The U.S. Must Blunt Russia’s Adventurism in Libya
The deployment of Kremlin-linked mercenaries will make a costly civil war even harder to end.
They’re about to be outgunned. Mahmud TURKIA / AFP) (Photo credit should read MAHMUD TURKIA/AFP via Getty Images)
Photographer: Mahmud Turkia/AFP via Getty Images
Until recently, very little had changed in Libya since April, when General Khalifa Haftar, the commander of the self-styled “Libya National Army,” attacked Tripoli. Now, two high-profile stories have highlighted the presence of Russian mercenaries on the front lines of the war and their impact on the fight over Libya’s capital. For the first time, a spokesperson from the U.S. Africa Command confirmed the presence of “Russian private military companies” in the west of Libya (Russia’s presence in the east, away from the fighting, has long been suspect). And in an unusual step, a U.S.-Libya dialogue decried “Russia’s attempts to exploit the conflict against the will of the Libyan people.”

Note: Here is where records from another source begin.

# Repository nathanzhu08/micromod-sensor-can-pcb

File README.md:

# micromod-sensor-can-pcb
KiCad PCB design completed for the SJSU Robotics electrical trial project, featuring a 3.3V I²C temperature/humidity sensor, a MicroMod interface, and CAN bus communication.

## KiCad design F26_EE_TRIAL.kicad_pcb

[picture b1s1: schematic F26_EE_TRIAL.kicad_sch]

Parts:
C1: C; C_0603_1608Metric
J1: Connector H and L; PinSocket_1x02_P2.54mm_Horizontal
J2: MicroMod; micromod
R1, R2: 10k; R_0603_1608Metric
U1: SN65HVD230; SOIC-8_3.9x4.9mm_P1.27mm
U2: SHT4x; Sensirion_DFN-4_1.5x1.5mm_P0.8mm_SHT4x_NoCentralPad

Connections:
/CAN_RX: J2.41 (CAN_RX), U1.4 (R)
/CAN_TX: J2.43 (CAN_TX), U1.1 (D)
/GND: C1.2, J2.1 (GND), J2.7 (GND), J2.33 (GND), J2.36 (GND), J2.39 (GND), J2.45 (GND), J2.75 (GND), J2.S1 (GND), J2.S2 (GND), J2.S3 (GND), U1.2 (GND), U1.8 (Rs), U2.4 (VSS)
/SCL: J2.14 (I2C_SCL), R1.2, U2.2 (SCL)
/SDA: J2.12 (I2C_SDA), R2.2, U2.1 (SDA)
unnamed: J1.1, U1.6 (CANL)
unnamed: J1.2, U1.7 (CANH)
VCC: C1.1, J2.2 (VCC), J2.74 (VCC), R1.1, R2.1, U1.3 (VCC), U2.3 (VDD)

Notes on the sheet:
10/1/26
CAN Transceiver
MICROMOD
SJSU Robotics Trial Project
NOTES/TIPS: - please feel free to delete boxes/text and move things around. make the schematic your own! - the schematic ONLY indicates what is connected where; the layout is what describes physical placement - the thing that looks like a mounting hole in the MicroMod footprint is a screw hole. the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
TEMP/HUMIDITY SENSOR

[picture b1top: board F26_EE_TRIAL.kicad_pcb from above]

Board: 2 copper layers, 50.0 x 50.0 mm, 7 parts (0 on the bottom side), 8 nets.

After seven months of equivocating about Libya’s third civil war in nearly nine years, the Trump administration has an opportunity to play a meaningful role in stopping it. To do that, however, the administration would have to engage in uncharacteristically aggressive, and disruptive, regional diplomacy. Neither it nor the Obama administration before it has ever given Libya the U.S. attention it deserves.